I told myself that I wouldn't start my week off as "Debbie Downer"!
Too late! There's no stopping the ball....because it's already in motion!

I received a telephone call from my father today. This is the man I admire most in all the world, that one person I would hate to disappoint and whom also has extremely high expectations for me to achieve greatness!

I love him! But today.....I really pissed him off....BIG TIME! I'm talking BIG TIME ..... like I have never done such a thing in my entire 30 years and it felt great!

He's call to me was strictly business in regards to my relationship with Mr. BIGWOOD. The word has leaked out to the parents about the dispute and they have now become involved because Mr. BIGWOOD is a big fat sissy and at 32yrs. old tells his daddy about the drama he has started....some how manages to blame me for.

Senior BIGWOOD has taken it upon himself to end this sibling rivalry. Of course he calls Mr. BIGWOOD first to hear his side of the story, which undoubtedly was completely fabricated into what he thinks our father wanted to hear in order to side with him. I on the other hand told the truth and nothing but the truth, basically from the beginning, without hiding a single detail. I even mentioned the voice mails I have saved as audio proof...... including the one where he express his hopes of my suicide or death by any means...No Kidding!

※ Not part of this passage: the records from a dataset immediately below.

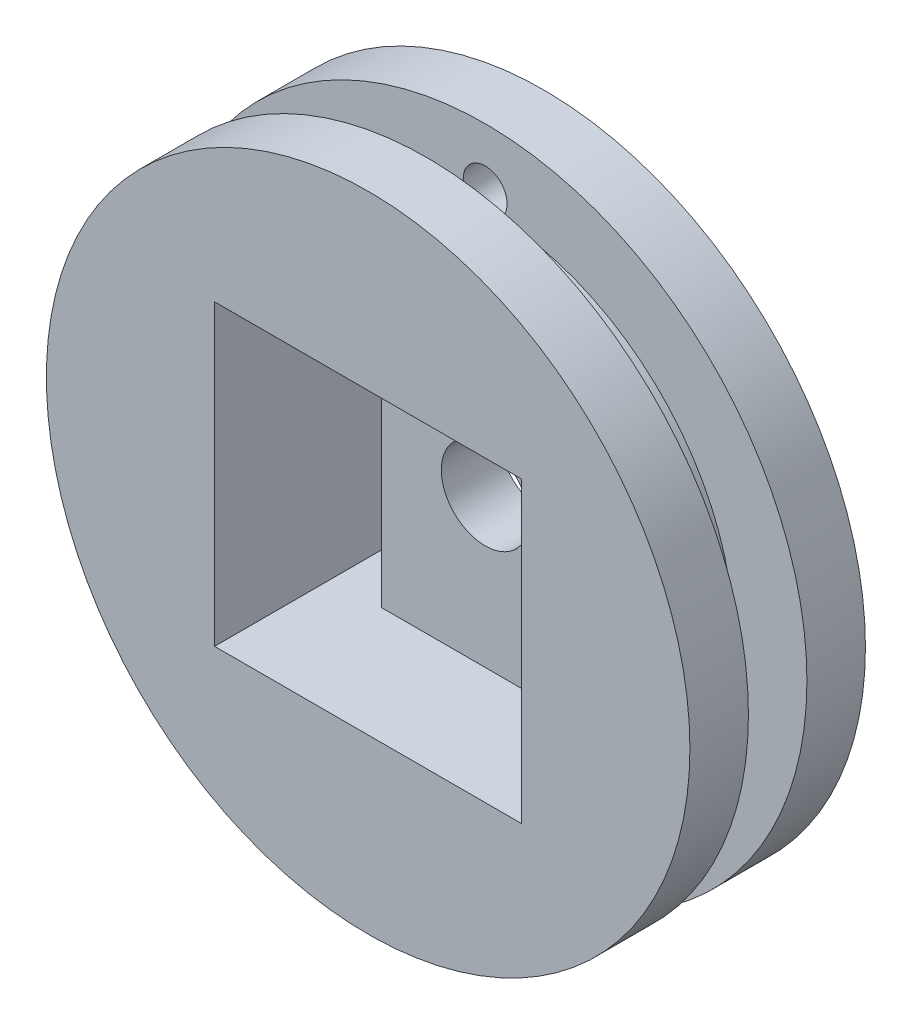
ISO-10303-21;
HEADER;
FILE_DESCRIPTION(('STEP AP214'),'2;1');
FILE_NAME('part.step','',(''),(''),'','','');
FILE_SCHEMA(('AUTOMOTIVE_DESIGN { 1 0 10303 214 1 1 1 1 }'));
ENDSEC;
DATA;
#1=APPLICATION_CONTEXT('core data for automotive mechanical design processes');
#2=APPLICATION_PROTOCOL_DEFINITION('international standard','automotive_design',2000,#1);
#3=PRODUCT_CONTEXT('',#1,'mechanical');
#4=PRODUCT('Part','Part','',(#3));
#5=PRODUCT_RELATED_PRODUCT_CATEGORY('part','',(#4));
#6=PRODUCT_DEFINITION_FORMATION('','',#4);
#7=PRODUCT_DEFINITION_CONTEXT('part definition',#1,'design');
#8=PRODUCT_DEFINITION('design','',#6,#7);
#9=PRODUCT_DEFINITION_SHAPE('','',#8);
#10=(LENGTH_UNIT() NAMED_UNIT(*) SI_UNIT(.MILLI.,.METRE.));
#11=(NAMED_UNIT(*) PLANE_ANGLE_UNIT() SI_UNIT($,.RADIAN.));
#12=(NAMED_UNIT(*) SI_UNIT($,.STERADIAN.) SOLID_ANGLE_UNIT());
#13=UNCERTAINTY_MEASURE_WITH_UNIT(LENGTH_MEASURE(1.E-05),#10,'distance_accuracy_value','');
#14=(GEOMETRIC_REPRESENTATION_CONTEXT(3) GLOBAL_UNCERTAINTY_ASSIGNED_CONTEXT((#13)) GLOBAL_UNIT_ASSIGNED_CONTEXT((#10,
#11,#12)) REPRESENTATION_CONTEXT('',''));
#15=CARTESIAN_POINT('',(0.,0.,0.));
#16=DIRECTION('',(0.,0.,1.));
#17=DIRECTION('',(1.,0.,0.));
#18=AXIS2_PLACEMENT_3D('',#15,#16,#17);
#19=CARTESIAN_POINT('',(0.,0.,2.));
#20=DIRECTION('',(0.,0.,1.));
#21=DIRECTION('',(1.,0.,0.));
#22=AXIS2_PLACEMENT_3D('',#19,#20,#21);
#23=PLANE('',#22);
#24=CARTESIAN_POINT('',(0.,0.,2.));
#25=DIRECTION('',(0.,0.,1.));
#26=DIRECTION('',(1.,0.,0.));
#27=AXIS2_PLACEMENT_3D('',#24,#25,#26);
#28=CIRCLE('',#27,1.5);
#29=CARTESIAN_POINT('',(1.5,0.,2.));
#30=VERTEX_POINT('',#29);
#31=EDGE_CURVE('E182',#30,#30,#28,.T.);
#32=ORIENTED_EDGE('',*,*,#31,.F.);
#33=EDGE_LOOP('',(#32));
#34=FACE_BOUND('',#33,.T.);
#35=DIRECTION('',(0.,1.,0.));
#36=VECTOR('',#35,1.);
#37=CARTESIAN_POINT('',(-3.55,5.1,2.));
#38=LINE('',#37,#36);
#39=CARTESIAN_POINT('',(-3.55,-5.1,2.));
#40=VERTEX_POINT('',#39);
#41=CARTESIAN_POINT('',(-3.55,5.1,2.));
#42=VERTEX_POINT('',#41);
#43=EDGE_CURVE('E173',#40,#42,#38,.T.);
#44=ORIENTED_EDGE('',*,*,#43,.F.);
#45=DIRECTION('',(1.,0.,0.));
#46=VECTOR('',#45,1.);
#47=CARTESIAN_POINT('',(-5.25,-5.1,2.));
#48=LINE('',#47,#46);
#49=CARTESIAN_POINT('',(3.55,-5.1,2.));
#50=VERTEX_POINT('',#49);
#51=EDGE_CURVE('E42',#40,#50,#48,.T.);
#52=ORIENTED_EDGE('',*,*,#51,.T.);
#53=DIRECTION('',(0.,-1.,0.));
#54=VECTOR('',#53,1.);
#55=CARTESIAN_POINT('',(3.55,5.1,2.));
#56=LINE('',#55,#54);
#57=CARTESIAN_POINT('',(3.55,5.1,2.));
#58=VERTEX_POINT('',#57);
#59=EDGE_CURVE('E157',#58,#50,#56,.T.);
#60=ORIENTED_EDGE('',*,*,#59,.F.);
#61=DIRECTION('',(-1.,0.,0.));
#62=VECTOR('',#61,1.);
#63=CARTESIAN_POINT('',(-5.25,5.1,2.));
#64=LINE('',#63,#62);
#65=EDGE_CURVE('E191',#58,#42,#64,.T.);
#66=ORIENTED_EDGE('',*,*,#65,.T.);
#67=EDGE_LOOP('',(#44,#52,#60,#66));
#68=FACE_BOUND('',#67,.T.);
#69=ADVANCED_FACE('F33',(#34,#68),#23,.T.);
#70=CARTESIAN_POINT('',(0.,0.,2.));
#71=DIRECTION('',(0.,0.,1.));
#72=DIRECTION('',(1.,0.,0.));
#73=AXIS2_PLACEMENT_3D('',#70,#71,#72);
#74=CIRCLE('',#73,8.5);
#75=CARTESIAN_POINT('',(-0.542989392815254,8.48263888888889,2.));
#76=VERTEX_POINT('',#75);
#77=CARTESIAN_POINT('',(0.542989392815254,8.48263888888889,2.));
#78=VERTEX_POINT('',#77);
#79=EDGE_CURVE('E11',#76,#78,#74,.T.);
#80=ORIENTED_EDGE('',*,*,#79,.F.);
#81=CARTESIAN_POINT('',(0.,9.,2.));
#82=DIRECTION('',(0.,0.,1.));
#83=DIRECTION('',(1.,0.,0.));
#84=AXIS2_PLACEMENT_3D('',#81,#82,#83);
#85=CIRCLE('',#84,0.75);
#86=EDGE_CURVE('E179',#78,#76,#85,.T.);
#87=ORIENTED_EDGE('',*,*,#86,.F.);
#88=EDGE_LOOP('',(#80,#87));
#89=FACE_BOUND('',#88,.T.);
#90=CARTESIAN_POINT('',(0.,0.,2.));
#91=DIRECTION('',(0.,0.,1.));
#92=DIRECTION('',(1.,0.,0.));
#93=AXIS2_PLACEMENT_3D('',#90,#91,#92);
#94=CIRCLE('',#93,10.9999999999456);
#95=CARTESIAN_POINT('',(10.9999999999456,0.,2.));
#96=VERTEX_POINT('',#95);
#97=EDGE_CURVE('E188',#96,#96,#94,.T.);
#98=ORIENTED_EDGE('',*,*,#97,.T.);
#99=EDGE_LOOP('',(#98));
#100=FACE_BOUND('',#99,.T.);
#101=ADVANCED_FACE('F251',(#89,#100),#23,.T.);
#102=CARTESIAN_POINT('',(0.,0.,0.));
#103=DIRECTION('',(0.,0.,1.));
#104=DIRECTION('',(1.,0.,0.));
#105=AXIS2_PLACEMENT_3D('',#102,#103,#104);
#106=PLANE('',#105);
#107=DIRECTION('',(0.,-1.,0.));
#108=VECTOR('',#107,1.);
#109=CARTESIAN_POINT('',(-5.25,5.1,0.));
#110=LINE('',#109,#108);
#111=CARTESIAN_POINT('',(-5.25,5.1,0.));
#112=VERTEX_POINT('',#111);
#113=CARTESIAN_POINT('',(-5.25,-5.1,0.));
#114=VERTEX_POINT('',#113);
#115=EDGE_CURVE('E163',#112,#114,#110,.T.);
#116=ORIENTED_EDGE('',*,*,#115,.T.);
#117=DIRECTION('',(1.,0.,0.));
#118=VECTOR('',#117,1.);
#119=CARTESIAN_POINT('',(-5.25,-5.1,0.));
#120=LINE('',#119,#118);
#121=CARTESIAN_POINT('',(-3.55,-5.1,0.));
#122=VERTEX_POINT('',#121);
#123=EDGE_CURVE('E114',#114,#122,#120,.T.);
#124=ORIENTED_EDGE('',*,*,#123,.T.);
#125=DIRECTION('',(0.,1.,0.));
#126=VECTOR('',#125,1.);
#127=CARTESIAN_POINT('',(-3.55,5.1,0.));
#128=LINE('',#127,#126);
#129=CARTESIAN_POINT('',(-3.55,5.1,0.));
#130=VERTEX_POINT('',#129);
#131=EDGE_CURVE('E167',#122,#130,#128,.T.);
#132=ORIENTED_EDGE('',*,*,#131,.T.);
#133=DIRECTION('',(-1.,0.,0.));
#134=VECTOR('',#133,1.);
#135=CARTESIAN_POINT('',(-5.25,5.1,0.));
#136=LINE('',#135,#134);
#137=EDGE_CURVE('E170',#130,#112,#136,.T.);
#138=ORIENTED_EDGE('',*,*,#137,.T.);
#139=EDGE_LOOP('',(#116,#124,#132,#138));
#140=FACE_BOUND('',#139,.T.);
#141=CARTESIAN_POINT('',(0.,0.,0.));
#142=DIRECTION('',(0.,0.,1.));
#143=DIRECTION('',(1.,0.,0.));
#144=AXIS2_PLACEMENT_3D('',#141,#142,#143);
#145=CIRCLE('',#144,1.5);
#146=CARTESIAN_POINT('',(1.5,0.,0.));
#147=VERTEX_POINT('',#146);
#148=EDGE_CURVE('E178',#147,#147,#145,.T.);
#149=ORIENTED_EDGE('',*,*,#148,.T.);
#150=EDGE_LOOP('',(#149));
#151=FACE_BOUND('',#150,.T.);
#152=CARTESIAN_POINT('',(0.,0.,0.));
#153=DIRECTION('',(0.,0.,1.));
#154=DIRECTION('',(1.,0.,0.));
#155=AXIS2_PLACEMENT_3D('',#152,#153,#154);
#156=CIRCLE('',#155,10.9999999999456);
#157=CARTESIAN_POINT('',(10.9999999999456,0.,0.));
#158=VERTEX_POINT('',#157);
#159=EDGE_CURVE('E185',#158,#158,#156,.T.);
#160=ORIENTED_EDGE('',*,*,#159,.F.);
#161=EDGE_LOOP('',(#160));
#162=FACE_BOUND('',#161,.T.);
#163=CARTESIAN_POINT('',(0.,9.,0.));
#164=DIRECTION('',(0.,0.,1.));
#165=DIRECTION('',(1.,0.,0.));
#166=AXIS2_PLACEMENT_3D('',#163,#164,#165);
#167=CIRCLE('',#166,0.75);
#168=CARTESIAN_POINT('',(0.75,9.,0.));
#169=VERTEX_POINT('',#168);
#170=EDGE_CURVE('E117',#169,#169,#167,.T.);
#171=ORIENTED_EDGE('',*,*,#170,.T.);
#172=EDGE_LOOP('',(#171));
#173=FACE_BOUND('',#172,.T.);
#174=DIRECTION('',(-1.,0.,0.));
#175=VECTOR('',#174,1.);
#176=CARTESIAN_POINT('',(5.25,5.1,0.));
#177=LINE('',#176,#175);
#178=CARTESIAN_POINT('',(5.25,5.1,0.));
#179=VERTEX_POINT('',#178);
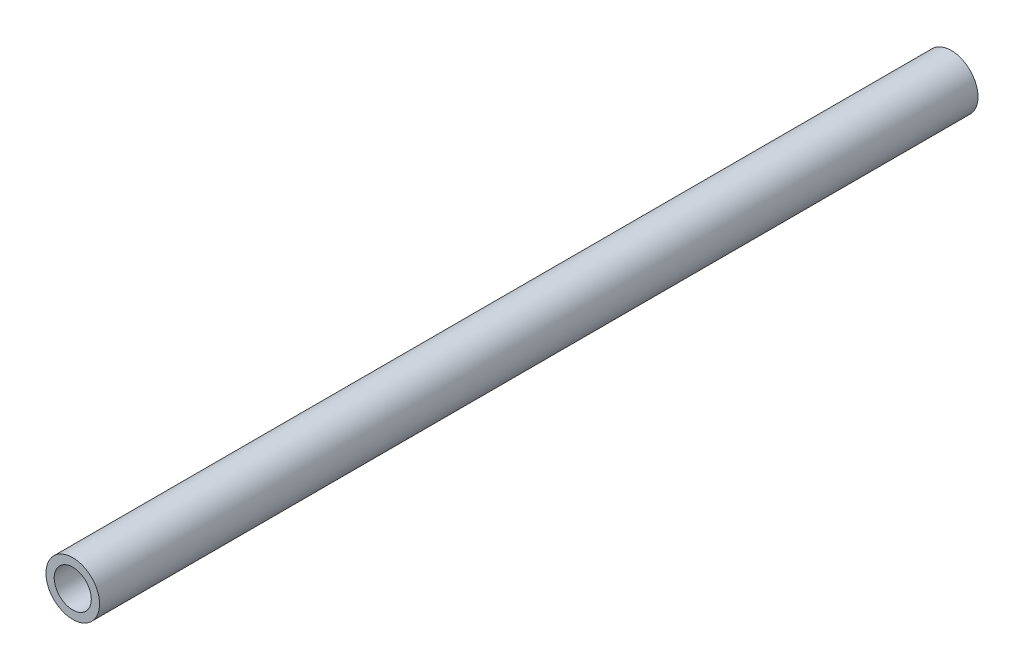
ISO-10303-21;
HEADER;
FILE_DESCRIPTION(('STEP AP214'),'2;1');
FILE_NAME('part.step','',(''),(''),'','','');
FILE_SCHEMA(('AUTOMOTIVE_DESIGN { 1 0 10303 214 1 1 1 1 }'));
ENDSEC;
DATA;
#1=APPLICATION_CONTEXT('core data for automotive mechanical design processes');
#2=APPLICATION_PROTOCOL_DEFINITION('international standard','automotive_design',2000,#1);
#3=PRODUCT_CONTEXT('',#1,'mechanical');
#4=PRODUCT('Part','Part','',(#3));
#5=PRODUCT_RELATED_PRODUCT_CATEGORY('part','',(#4));
#6=PRODUCT_DEFINITION_FORMATION('','',#4);
#7=PRODUCT_DEFINITION_CONTEXT('part definition',#1,'design');
#8=PRODUCT_DEFINITION('design','',#6,#7);
#9=PRODUCT_DEFINITION_SHAPE('','',#8);
#10=(LENGTH_UNIT() NAMED_UNIT(*) SI_UNIT(.MILLI.,.METRE.));
#11=(NAMED_UNIT(*) PLANE_ANGLE_UNIT() SI_UNIT($,.RADIAN.));
#12=(NAMED_UNIT(*) SI_UNIT($,.STERADIAN.) SOLID_ANGLE_UNIT());
#13=UNCERTAINTY_MEASURE_WITH_UNIT(LENGTH_MEASURE(1.E-05),#10,'distance_accuracy_value','');
#14=(GEOMETRIC_REPRESENTATION_CONTEXT(3) GLOBAL_UNCERTAINTY_ASSIGNED_CONTEXT((#13)) GLOBAL_UNIT_ASSIGNED_CONTEXT((#10,
#11,#12)) REPRESENTATION_CONTEXT('',''));
#15=CARTESIAN_POINT('',(0.,0.,0.));
#16=DIRECTION('',(0.,0.,1.));
#17=DIRECTION('',(1.,0.,0.));
#18=AXIS2_PLACEMENT_3D('',#15,#16,#17);
#19=CARTESIAN_POINT('',(0.,0.,254.));
#20=DIRECTION('',(0.,0.,1.));
#21=DIRECTION('',(1.,0.,0.));
#22=AXIS2_PLACEMENT_3D('',#19,#20,#21);
#23=PLANE('',#22);
#24=CARTESIAN_POINT('',(0.,0.,254.));
#25=DIRECTION('',(0.,0.,1.));
#26=DIRECTION('',(1.,0.,0.));
#27=AXIS2_PLACEMENT_3D('',#24,#25,#26);
#28=CIRCLE('',#27,7.747);
#29=CARTESIAN_POINT('',(7.747,0.,254.));
#30=VERTEX_POINT('',#29);
#31=EDGE_CURVE('E10',#30,#30,#28,.T.);
#32=ORIENTED_EDGE('',*,*,#31,.T.);
#33=EDGE_LOOP('',(#32));
#34=FACE_BOUND('',#33,.T.);
#35=CARTESIAN_POINT('',(0.,0.,254.));
#36=DIRECTION('',(0.,0.,1.));
#37=DIRECTION('',(1.,0.,0.));
#38=AXIS2_PLACEMENT_3D('',#35,#36,#37);
#39=CIRCLE('',#38,5.3594);
#40=CARTESIAN_POINT('',(5.3594,0.,254.));
#41=VERTEX_POINT('',#40);
#42=EDGE_CURVE('E41',#41,#41,#39,.T.);
#43=ORIENTED_EDGE('',*,*,#42,.F.);
#44=EDGE_LOOP('',(#43));
#45=FACE_BOUND('',#44,.T.);
#46=ADVANCED_FACE('F30',(#34,#45),#23,.T.);
#47=CARTESIAN_POINT('',(0.,0.,0.));
#48=DIRECTION('',(0.,0.,1.));
#49=DIRECTION('',(1.,0.,0.));
#50=AXIS2_PLACEMENT_3D('',#47,#48,#49);
#51=PLANE('',#50);
#52=CARTESIAN_POINT('',(0.,0.,0.));
#53=DIRECTION('',(0.,0.,1.));
#54=DIRECTION('',(1.,0.,0.));
#55=AXIS2_PLACEMENT_3D('',#52,#53,#54);
#56=CIRCLE('',#55,7.747);
#57=CARTESIAN_POINT('',(7.747,0.,0.));
#58=VERTEX_POINT('',#57);
#59=EDGE_CURVE('E34',#58,#58,#56,.T.);
#60=ORIENTED_EDGE('',*,*,#59,.F.);
#61=EDGE_LOOP('',(#60));
#62=FACE_BOUND('',#61,.T.);
#63=CARTESIAN_POINT('',(0.,0.,0.));
#64=DIRECTION('',(0.,0.,1.));
#65=DIRECTION('',(1.,0.,0.));
#66=AXIS2_PLACEMENT_3D('',#63,#64,#65);
#67=CIRCLE('',#66,5.3594);
#68=CARTESIAN_POINT('',(5.3594,0.,0.));
#69=VERTEX_POINT('',#68);
#70=EDGE_CURVE('E43',#69,#69,#67,.T.);
#71=ORIENTED_EDGE('',*,*,#70,.T.);
#72=EDGE_LOOP('',(#71));
#73=FACE_BOUND('',#72,.T.);
#74=ADVANCED_FACE('F53',(#62,#73),#51,.F.);
#75=CARTESIAN_POINT('',(0.,0.,254.));
#76=DIRECTION('',(0.,0.,-1.));
#77=DIRECTION('',(-1.,0.,0.));
#78=AXIS2_PLACEMENT_3D('',#75,#76,#77);
#79=CYLINDRICAL_SURFACE('',#78,7.747);
#80=ORIENTED_EDGE('',*,*,#31,.F.);
#81=EDGE_LOOP('',(#80));
#82=FACE_BOUND('',#81,.T.);
#83=ORIENTED_EDGE('',*,*,#59,.T.);
#84=EDGE_LOOP('',(#83));
#85=FACE_BOUND('',#84,.T.);
#86=ADVANCED_FACE('F32',(#82,#85),#79,.T.);
#87=CARTESIAN_POINT('',(0.,0.,254.));
#88=DIRECTION('',(0.,0.,-1.));
#89=DIRECTION('',(-1.,0.,0.));
#90=AXIS2_PLACEMENT_3D('',#87,#88,#89);
#91=CYLINDRICAL_SURFACE('',#90,5.3594);
#92=ORIENTED_EDGE('',*,*,#42,.T.);
#93=EDGE_LOOP('',(#92));
#94=FACE_BOUND('',#93,.T.);
#95=ORIENTED_EDGE('',*,*,#70,.F.);
#96=EDGE_LOOP('',(#95));
#97=FACE_BOUND('',#96,.T.);
#98=ADVANCED_FACE('F49',(#94,#97),#91,.F.);
#99=CLOSED_SHELL('',(#46,#74,#86,#98));
#100=MANIFOLD_SOLID_BREP('B2',#99);
#101=ADVANCED_BREP_SHAPE_REPRESENTATION('',(#18,#100),#14);
#102=SHAPE_DEFINITION_REPRESENTATION(#9,#101);
ENDSEC;
END-ISO-10303-21;

You can say that at this point Senior BIGWOOD isn't very happy......with either one of his. He's mad because this has continued on for months and everyone knows about it but him. He asked me to "squash" all of the nonsense and to let everything go. I explained to him, that I was not to blame for the continuation of the fight because I am not a grudge holder (which he obviously knows) but he continues to lie and make shit up so he can hide his secrets from the bitch he's married to. I explained that regardless of an apology from Mr.BIGWOOD, my relationship would never be the same with him.

Basically my call ended with Senior being mad at me for not being the bigger person in the matter. I'm sure that after he settles down a bit he will understand. My entire purpose in holding my ground is to make a point. That point is that I will no longer tolerate Mr. BIGWOOD, Big Fat Sissy Pants, treating me like SHIT! If that means that I will no longer have a relationship with him the rest of my life....well, so FUCKING be it! I'll take this fight to my grave.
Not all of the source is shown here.